Essayer de vivre au XXIe s. à la mode du Xe s., voire de périodes antérieures, est une aberration. La médecine a considérablement évolué, l'agriculture aussi, tout comme les structures sociales. Personne n'échappe à son environnement, par exemple aux moustiques qui peuvent transmettre de lourdes maladies : doit-on sauver le moustique en acceptant que chez les plus démunis évidemment, les hommes, les enfants en particulier soient gravement handicapés ? 

La leçon de toutes les philosophies est la modération, l'équilibre et par dessus tout, la tolérance.

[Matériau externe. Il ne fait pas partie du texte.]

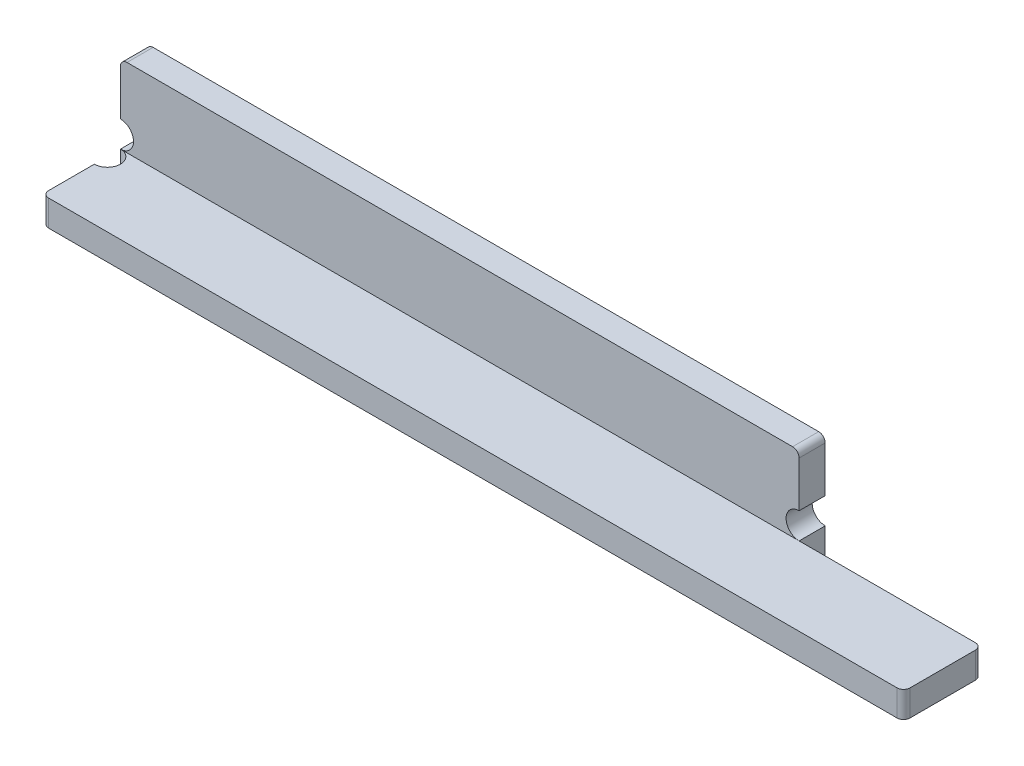
ISO-10303-21;
HEADER;
FILE_DESCRIPTION(('STEP AP214'),'2;1');
FILE_NAME('part.step','',(''),(''),'','','');
FILE_SCHEMA(('AUTOMOTIVE_DESIGN { 1 0 10303 214 1 1 1 1 }'));
ENDSEC;
DATA;
#1=APPLICATION_CONTEXT('core data for automotive mechanical design processes');
#2=APPLICATION_PROTOCOL_DEFINITION('international standard','automotive_design',2000,#1);
#3=PRODUCT_CONTEXT('',#1,'mechanical');
#4=PRODUCT('Part','Part','',(#3));
#5=PRODUCT_RELATED_PRODUCT_CATEGORY('part','',(#4));
#6=PRODUCT_DEFINITION_FORMATION('','',#4);
#7=PRODUCT_DEFINITION_CONTEXT('part definition',#1,'design');
#8=PRODUCT_DEFINITION('design','',#6,#7);
#9=PRODUCT_DEFINITION_SHAPE('','',#8);
#10=(LENGTH_UNIT() NAMED_UNIT(*) SI_UNIT(.MILLI.,.METRE.));
#11=(NAMED_UNIT(*) PLANE_ANGLE_UNIT() SI_UNIT($,.RADIAN.));
#12=(NAMED_UNIT(*) SI_UNIT($,.STERADIAN.) SOLID_ANGLE_UNIT());
#13=UNCERTAINTY_MEASURE_WITH_UNIT(LENGTH_MEASURE(1.E-05),#10,'distance_accuracy_value','');
#14=(GEOMETRIC_REPRESENTATION_CONTEXT(3) GLOBAL_UNCERTAINTY_ASSIGNED_CONTEXT((#13)) GLOBAL_UNIT_ASSIGNED_CONTEXT((#10,
#11,#12)) REPRESENTATION_CONTEXT('',''));
#15=CARTESIAN_POINT('',(0.,0.,0.));
#16=DIRECTION('',(0.,0.,1.));
#17=DIRECTION('',(1.,0.,0.));
#18=AXIS2_PLACEMENT_3D('',#15,#16,#17);
#19=CARTESIAN_POINT('',(0.,5.,0.));
#20=DIRECTION('',(1.,0.,0.));
#21=DIRECTION('',(0.,0.,-1.));
#22=AXIS2_PLACEMENT_3D('',#19,#20,#21);
#23=PLANE('',#22);
#24=DIRECTION('',(0.,-1.,0.));
#25=VECTOR('',#24,1.);
#26=CARTESIAN_POINT('',(0.,20.,2.50000000000001));
#27=LINE('',#26,#25);
#28=CARTESIAN_POINT('',(0.,18.75,2.50000000000001));
#29=VERTEX_POINT('',#28);
#30=CARTESIAN_POINT('',(0.,10.,2.50000000000001));
#31=VERTEX_POINT('',#30);
#32=EDGE_CURVE('E203',#29,#31,#27,.T.);
#33=ORIENTED_EDGE('',*,*,#32,.F.);
#34=DIRECTION('',(0.,0.,1.));
#35=VECTOR('',#34,1.);
#36=CARTESIAN_POINT('',(0.,18.75,0.));
#37=LINE('',#36,#35);
#38=CARTESIAN_POINT('',(0.,18.75,-2.5));
#39=VERTEX_POINT('',#38);
#40=EDGE_CURVE('E378',#29,#39,#37,.F.);
#41=ORIENTED_EDGE('',*,*,#40,.T.);
#42=DIRECTION('',(0.,-1.,0.));
#43=VECTOR('',#42,1.);
#44=CARTESIAN_POINT('',(0.,20.,-2.5));
#45=LINE('',#44,#43);
#46=CARTESIAN_POINT('',(0.,10.,-2.50000000000003));
#47=VERTEX_POINT('',#46);
#48=EDGE_CURVE('E215',#39,#47,#45,.T.);
#49=ORIENTED_EDGE('',*,*,#48,.T.);
#50=DIRECTION('',(0.,0.,1.));
#51=VECTOR('',#50,1.);
#52=CARTESIAN_POINT('',(0.,10.,-17.5));
#53=LINE('',#52,#51);
#54=EDGE_CURVE('E221',#47,#31,#53,.T.);
#55=ORIENTED_EDGE('',*,*,#54,.T.);
#56=EDGE_LOOP('',(#33,#41,#49,#55));
#57=FACE_BOUND('',#56,.T.);
#58=ADVANCED_FACE('F39',(#57),#23,.F.);
#59=CARTESIAN_POINT('',(130.,5.,-2.5));
#60=DIRECTION('',(-1.,0.,0.));
#61=DIRECTION('',(0.,0.,1.));
#62=AXIS2_PLACEMENT_3D('',#59,#60,#61);
#63=PLANE('',#62);
#64=DIRECTION('',(0.,-1.,0.));
#65=VECTOR('',#64,1.);
#66=CARTESIAN_POINT('',(130.,5.,-2.5));
#67=LINE('',#66,#65);
#68=CARTESIAN_POINT('',(130.,5.,-2.50000000000001));
#69=VERTEX_POINT('',#68);
#70=CARTESIAN_POINT('',(130.,0.,-2.5));
#71=VERTEX_POINT('',#70);
#72=EDGE_CURVE('E328',#69,#71,#67,.T.);
#73=ORIENTED_EDGE('',*,*,#72,.F.);
#74=DIRECTION('',(0.,0.,1.));
#75=VECTOR('',#74,1.);
#76=CARTESIAN_POINT('',(130.,5.,-17.5));
#77=LINE('',#76,#75);
#78=CARTESIAN_POINT('',(130.,5.,2.50000000000001));
#79=VERTEX_POINT('',#78);
#80=EDGE_CURVE('E232',#69,#79,#77,.T.);
#81=ORIENTED_EDGE('',*,*,#80,.T.);
#82=DIRECTION('',(0.,-1.,0.));
#83=VECTOR('',#82,1.);
#84=CARTESIAN_POINT('',(130.,5.,2.5));
#85=LINE('',#84,#83);
#86=CARTESIAN_POINT('',(130.,0.,2.5));
#87=VERTEX_POINT('',#86);
#88=EDGE_CURVE('E284',#79,#87,#85,.T.);
#89=ORIENTED_EDGE('',*,*,#88,.T.);
#90=DIRECTION('',(0.,0.,-1.));
#91=VECTOR('',#90,1.);
#92=CARTESIAN_POINT('',(130.,0.,-2.5));
#93=LINE('',#92,#91);
#94=EDGE_CURVE('E312',#87,#71,#93,.T.);
#95=ORIENTED_EDGE('',*,*,#94,.T.);
#96=EDGE_LOOP('',(#73,#81,#89,#95));
#97=FACE_BOUND('',#96,.T.);
#98=ADVANCED_FACE('F416',(#97),#63,.F.);
#99=DIRECTION('',(0.,1.,0.));
#100=VECTOR('',#99,1.);
#101=CARTESIAN_POINT('',(0.,0.,2.50000000000001));
#102=LINE('',#101,#100);
#103=CARTESIAN_POINT('',(0.,0.,2.50000000000001));
#104=VERTEX_POINT('',#103);
#105=CARTESIAN_POINT('',(0.,5.,2.50000000000001));
#106=VERTEX_POINT('',#105);
#107=EDGE_CURVE('E248',#104,#106,#102,.T.);
#108=ORIENTED_EDGE('',*,*,#107,.T.);
#109=DIRECTION('',(0.,0.,1.));
#110=VECTOR('',#109,1.);
#111=CARTESIAN_POINT('',(0.,5.,-17.5));
#112=LINE('',#111,#110);
#113=CARTESIAN_POINT('',(0.,5.,-2.50000000000001));
#114=VERTEX_POINT('',#113);
#115=EDGE_CURVE('E224',#114,#106,#112,.T.);
#116=ORIENTED_EDGE('',*,*,#115,.F.);
#117=DIRECTION('',(0.,1.,0.));
#118=VECTOR('',#117,1.);
#119=CARTESIAN_POINT('',(0.,0.,-2.5));
#120=LINE('',#119,#118);
#121=CARTESIAN_POINT('',(0.,0.,-2.5));
#122=VERTEX_POINT('',#121);
#123=EDGE_CURVE('E261',#122,#114,#120,.T.);
#124=ORIENTED_EDGE('',*,*,#123,.F.);
#125=DIRECTION('',(0.,0.,1.));
#126=VECTOR('',#125,1.);
#127=CARTESIAN_POINT('',(0.,0.,0.));
#128=LINE('',#127,#126);
#129=EDGE_CURVE('E326',#122,#104,#128,.T.);
#130=ORIENTED_EDGE('',*,*,#129,.T.);
#131=EDGE_LOOP('',(#108,#116,#124,#130));
#132=FACE_BOUND('',#131,.T.);
#133=ADVANCED_FACE('F458',(#132),#23,.F.);
#134=DIRECTION('',(0.,0.,1.));
#135=VECTOR('',#134,1.);
#136=CARTESIAN_POINT('',(0.,5.,17.5));
#137=LINE('',#136,#135);
#138=CARTESIAN_POINT('',(0.,5.,-16.25));
#139=VERTEX_POINT('',#138);
#140=CARTESIAN_POINT('',(0.,5.,-7.50000000000001));
#141=VERTEX_POINT('',#140);
#142=EDGE_CURVE('E289',#139,#141,#137,.T.);
#143=ORIENTED_EDGE('',*,*,#142,.F.);
#144=DIRECTION('',(0.,-1.,0.));
#145=VECTOR('',#144,1.);
#146=CARTESIAN_POINT('',(0.,5.,-16.25));
#147=LINE('',#146,#145);
#148=CARTESIAN_POINT('',(0.,0.,-16.25));
#149=VERTEX_POINT('',#148);
#150=EDGE_CURVE('E11',#139,#149,#147,.T.);
#151=ORIENTED_EDGE('',*,*,#150,.T.);
#152=CARTESIAN_POINT('',(0.,0.,-7.50000000000001));
#153=VERTEX_POINT('',#152);
#154=EDGE_CURVE('E324',#149,#153,#128,.T.);
#155=ORIENTED_EDGE('',*,*,#154,.T.);
#156=DIRECTION('',(0.,1.,0.));
#157=VECTOR('',#156,1.);
#158=CARTESIAN_POINT('',(0.,0.,-7.50000000000001));
#159=LINE('',#158,#157);
#160=EDGE_CURVE('E257',#153,#141,#159,.T.);
#161=ORIENTED_EDGE('',*,*,#160,.T.);
#162=EDGE_LOOP('',(#143,#151,#155,#161));
#163=FACE_BOUND('',#162,.T.);
#164=ADVANCED_FACE('F469',(#163),#23,.F.);
#165=CARTESIAN_POINT('',(0.,5.,0.));
#166=DIRECTION('',(0.,-1.,0.));
#167=DIRECTION('',(0.,0.,-1.));
#168=AXIS2_PLACEMENT_3D('',#165,#166,#167);
#169=PLANE('',#168);
#170=CARTESIAN_POINT('',(0.,5.,7.50000000000001));
#171=VERTEX_POINT('',#170);
#172=CARTESIAN_POINT('',(0.,5.,16.25));
#173=VERTEX_POINT('',#172);
#174=EDGE_CURVE('E292',#171,#173,#137,.T.);
#175=ORIENTED_EDGE('',*,*,#174,.T.);
#176=CARTESIAN_POINT('',(1.25,5.,16.25));
#177=DIRECTION('',(0.,-1.,0.));
#178=DIRECTION('',(0.,0.,-1.));
#179=AXIS2_PLACEMENT_3D('',#176,#177,#178);
#180=CIRCLE('',#179,1.25);
#181=CARTESIAN_POINT('',(1.25,5.,17.5));
#182=VERTEX_POINT('',#181);
#183=EDGE_CURVE('E353',#173,#182,#180,.F.);
#184=ORIENTED_EDGE('',*,*,#183,.T.);
#185=DIRECTION('',(1.,0.,0.));
#186=VECTOR('',#185,1.);
#187=CARTESIAN_POINT('',(165.,5.,17.5));
#188=LINE('',#187,#186);
#189=CARTESIAN_POINT('',(163.75,5.,17.5));
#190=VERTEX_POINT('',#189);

Se faire vomir ou bien "nettoyer" ses intestins dans l'espoir fallacieux d'en éliminer les toxines est tout aussi inutile que ridicule, voire dangereux. Pour ne pas parler des saignées, préconisées elles aussi par une certaine médecine ayurvédique. Ce qui ne veut pas dire que tout soit à rejeter dans l'ayurvédisme, mais accepterait-on de se soigner actuellement dans les pays occidentaux en ne recourant qu'aux traitements médiévaux qui favorisaient une forte mortalité ? Un massage ne peut-être efficace après un banquet copieusement arrosé. Mais les interdits (ou recommandations) alimentaires sont opposés à l'esprit libertaire du tantrisme. Chacun est le bienvenu, omnivore, végétarien, voire végane, car l'épanouissement spirituel  (c'est bien l'esprit qui gère tout, y compris l'alimentation) amène naturellement chacun à choisir un équilibre. Son propre équilibre.